━━━━━ Data for processing ━━━━━

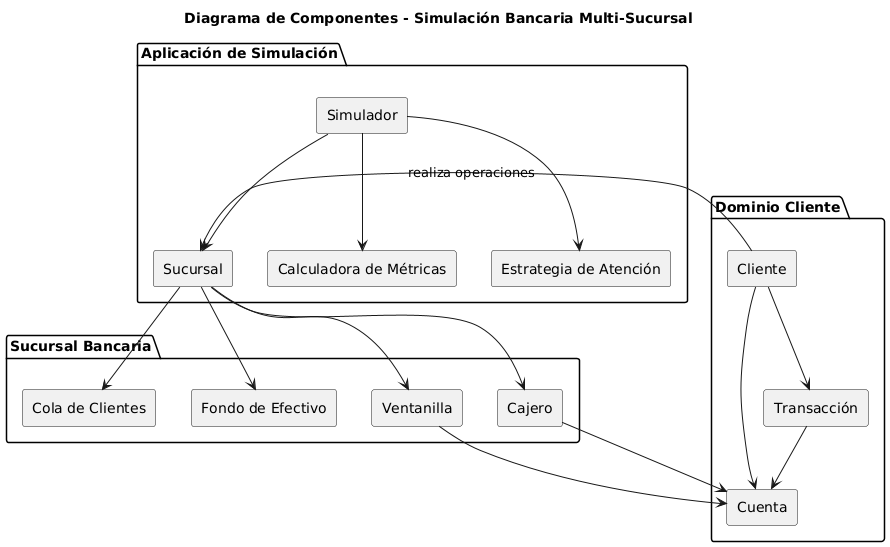

The diagram above was rendered by PlantUML. Its source (embedded in the PNG):
@startuml
title Diagrama de Componentes - Simulación Bancaria Multi-Sucursal

skinparam componentStyle rectangle

package "Aplicación de Simulación" {
  [Simulador] --> [Sucursal]
  [Simulador] --> [Calculadora de Métricas]
  [Simulador] --> [Estrategia de Atención]
}

package "Sucursal Bancaria" {
  [Sucursal] --> [Cola de Clientes]
  [Sucursal] --> [Fondo de Efectivo]
  [Sucursal] --> [Ventanilla]
  [Sucursal] --> [Cajero]
}

package "Dominio Cliente" {
  [Cliente] --> [Cuenta]
  [Cliente] --> [Transacción]
}

' Dependencias principales
[Cliente] --> [Sucursal] : realiza operaciones
[Ventanilla] --> [Cuenta]
[Cajero] --> [Cuenta]
[Transacción] --> [Cuenta]
@enduml
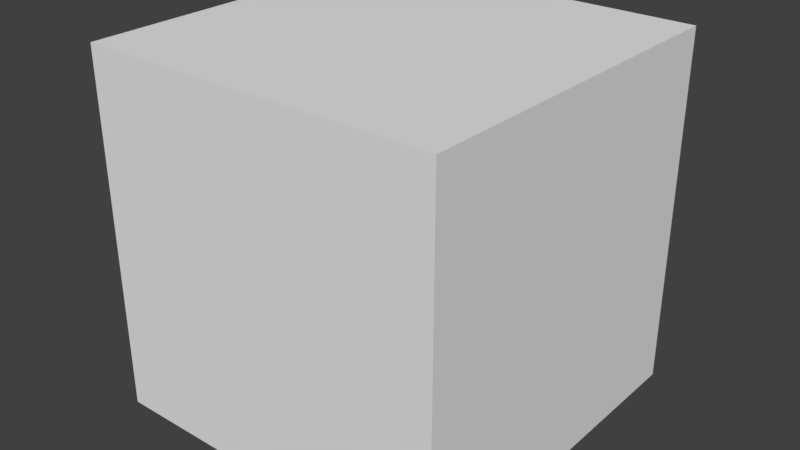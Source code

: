 # Source: cube.blend  (saved by Blender 2.79.0; exported with 4.5.12 LTS)
import bpy
from mathutils import Matrix  # noqa: F401  (used for matrix-valued properties, if any)

bpy.ops.wm.read_factory_settings(use_empty=True)
scene = bpy.context.scene
scene.name = 'Scene'

# ---- collections
col_collection_1 = bpy.data.collections.new('Collection 1'); scene.collection.children.link(col_collection_1)

# ---- materials (node trees are filled in below, after node groups)
mat_material = bpy.data.materials.new('Material')
mat_material.alpha_threshold = 0.0
mat_material.use_transparent_shadow = False
mat_material.roughness = 0.5
mat_material.line_color = (0.0, 0.0, 0.0, 1.0)

# ---- material node trees

# ---- world
world_world = bpy.data.worlds.new('World'); scene.world = world_world
world_world.color = (0.05088, 0.05088, 0.05088)
world_world.use_sun_shadow = False
world_world.sun_shadow_jitter_overblur = 0.0
world_world.cycles.sampling_method = 'MANUAL'

# ---- meshes
me_cube = bpy.data.meshes.new('Cube')
me_cube.from_pydata([(0.5133, 0.5133, -0.5133), (0.5133, -0.5133, -0.5133), (-0.5133, -0.5133, -0.5133), (-0.5133, 0.5133, -0.5133), (0.5133, 0.5133, 0.5133), (0.5133, -0.5133, 0.5133), (-0.5133, -0.5133, 0.5133), (-0.5133, 0.5133, 0.5133)], [], [(1, 3, 0), (7, 5, 4), (4, 1, 0), (5, 2, 1), (6, 3, 2), (0, 7, 4), (1, 2, 3), (7, 6, 5), (4, 5, 1), (5, 6, 2), (6, 7, 3), (0, 3, 7)])
_uv = me_cube.uv_layers.new(name='UVMap')
_uv.uv.foreach_set('vector', [1.0, 0.0, 0.0, 1.0, 0.0, 0.0, 1.0, 0.0, 0.0, 1.0, 0.0, 0.0, 1.0, 0.0, 0.0, 1.0, 0.0, 0.0, 1.0, 0.0, 0.0, 1.0, 0.0, 0.0, 1.0, 0.0, 0.0, 1.0, 0.0, 0.0, 1.0, 0.0, 0.0, 1.0, 0.0, 0.0, 1.0, 0.0, 1.0, 1.0, 0.0, 1.0, 1.0, 0.0, 1.0, 1.0, 0.0, 1.0, 1.0, 0.0, 1.0, 1.0, 0.0, 1.0, 1.0, 0.0, 1.0, 1.0, 0.0, 1.0, 1.0, 0.0, 1.0, 1.0, 0.0, 1.0, 1.0, 0.0, 1.0, 1.0, 0.0, 1.0])
me_cube.materials.append(mat_material)
me_cube.use_remesh_preserve_volume = False
me_cube.use_remesh_preserve_attributes = False
me_cube.use_mirror_vertex_groups = False
me_cube.update()

# ---- objects
ob_cube = bpy.data.objects.new('Cube', me_cube)

# ---- transforms, parenting, visibility, modifiers, constraints
ob_cube.location = (0.0, 0.0, 0.0)
ob_cube.lock_rotations_4d = False
ob_cube.empty_display_type = 'ARROWS'
ob_cube.lineart.crease_threshold = 0.0

# ---- collection membership
col_collection_1.objects.link(ob_cube)

# ---- scene / render settings (as saved in the file)
scene.frame_start = 1; scene.frame_end = 250; scene.frame_set(1)
scene.render.engine = 'BLENDER_EEVEE_NEXT'
scene.render.resolution_percentage = 50
scene.render.dither_intensity = 0.0
scene.cycles.use_denoising = False
scene.cycles.samples = 128
scene.cycles.sampling_pattern = 'TABULATED_SOBOL'
scene.cycles.use_adaptive_sampling = False
scene.cycles.use_light_tree = False
scene.cycles.blur_glossy = 0.0
scene.cycles.sample_clamp_indirect = 0.0
scene.view_settings.view_transform = 'Standard'
bpy.context.view_layer.update()

# ---- added for rendering (the .blend has no active camera and no usable light): camera, sun
cam_auto = bpy.data.cameras.new('AutoCamera')
cam_auto.lens = 50.0
cam_auto.sensor_width = 36.0
cam_auto.clip_end = 1000.0
ob_auto_camera = bpy.data.objects.new('AutoCamera', cam_auto)
scene.collection.objects.link(ob_auto_camera)
ob_auto_camera.location = (1.6452, -1.97424, 1.31616)
ob_auto_camera.rotation_euler = (1.09748, -7.21219e-08, 0.694738)
scene.camera = ob_auto_camera
light_auto_sun = bpy.data.lights.new('AutoSun', 'SUN')
light_auto_sun.energy = 3.0
light_auto_sun.angle = 0.0523599
ob_auto_sun = bpy.data.objects.new('AutoSun', light_auto_sun)
scene.collection.objects.link(ob_auto_sun)
ob_auto_sun.rotation_euler = (0.872665, 0.174533, 0.523599)
bpy.context.view_layer.update()
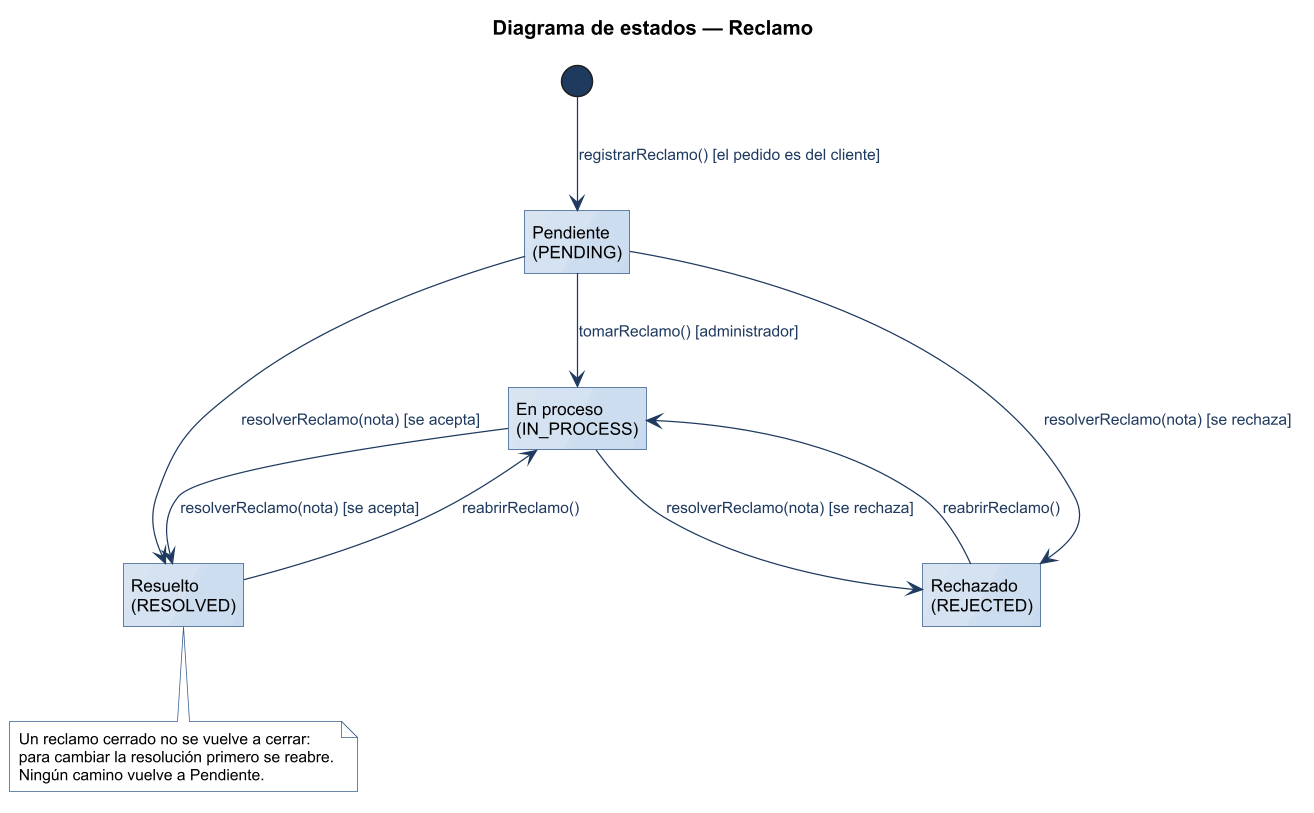

The diagram above was rendered by PlantUML. Its source (embedded in the PNG):
@startuml
title Diagrama de estados — Reclamo
!include ../estilo-vp.iuml
hide empty description
state "Pendiente\n(PENDING)" as PENDING
state "En proceso\n(IN_PROCESS)" as IN_PROCESS
state "Resuelto\n(RESOLVED)" as RESOLVED
state "Rechazado\n(REJECTED)" as REJECTED

[*] --> PENDING : registrarReclamo() [el pedido es del cliente]
PENDING --> IN_PROCESS : tomarReclamo() [administrador]
PENDING --> RESOLVED : resolverReclamo(nota) [se acepta]
PENDING --> REJECTED : resolverReclamo(nota) [se rechaza]
IN_PROCESS --> RESOLVED : resolverReclamo(nota) [se acepta]
IN_PROCESS --> REJECTED : resolverReclamo(nota) [se rechaza]
RESOLVED --> IN_PROCESS : reabrirReclamo()
REJECTED --> IN_PROCESS : reabrirReclamo()

note bottom of RESOLVED
  Un reclamo cerrado no se vuelve a cerrar:
  para cambiar la resolución primero se reabre.
  Ningún camino vuelve a Pendiente.
end note
@enduml
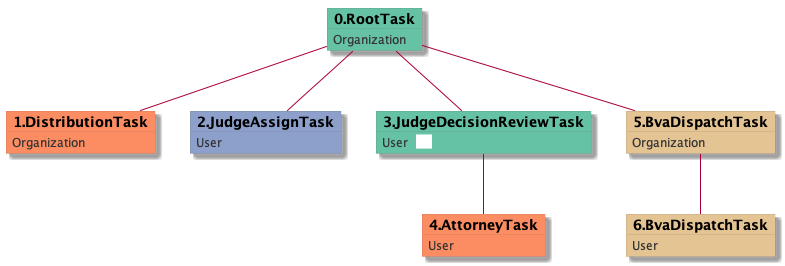

The diagram above was rendered by PlantUML. Its source (embedded in the PNG):
@startuml
skinparam {
  ObjectBorderColor #555
  ObjectBorderThickness 0
  ObjectFontStyle bold
  ObjectFontSize 14
  ObjectAttributeFontColor #333
  ObjectAttributeFontSize 12
}
  object 0.RootTask #66c2a5 {
Organization
}
  object 1.DistributionTask #fc8d62 {
Organization
}
  object 2.JudgeAssignTask #8da0cb {
User
}
  object 3.JudgeDecisionReviewTask #66c2a5 {
User  <back:white>    </back>
}
  object 4.AttorneyTask #fc8d62 {
User
}
  object 5.BvaDispatchTask #e5c494 {
Organization
}
  object 6.BvaDispatchTask #e5c494 {
User
}
0.RootTask -- 1.DistributionTask
0.RootTask -- 2.JudgeAssignTask
0.RootTask -- 3.JudgeDecisionReviewTask
3.JudgeDecisionReviewTask -- 4.AttorneyTask
0.RootTask -- 5.BvaDispatchTask
5.BvaDispatchTask -- 6.BvaDispatchTask
@enduml

━━━━━

* [Task item] From the records, copy out each line that includes the string "title".

* [Problem solution]
title Diagrama de Componentes - Simulación Bancaria Multi-Sucursal
title Diagrama de estados — Reclamo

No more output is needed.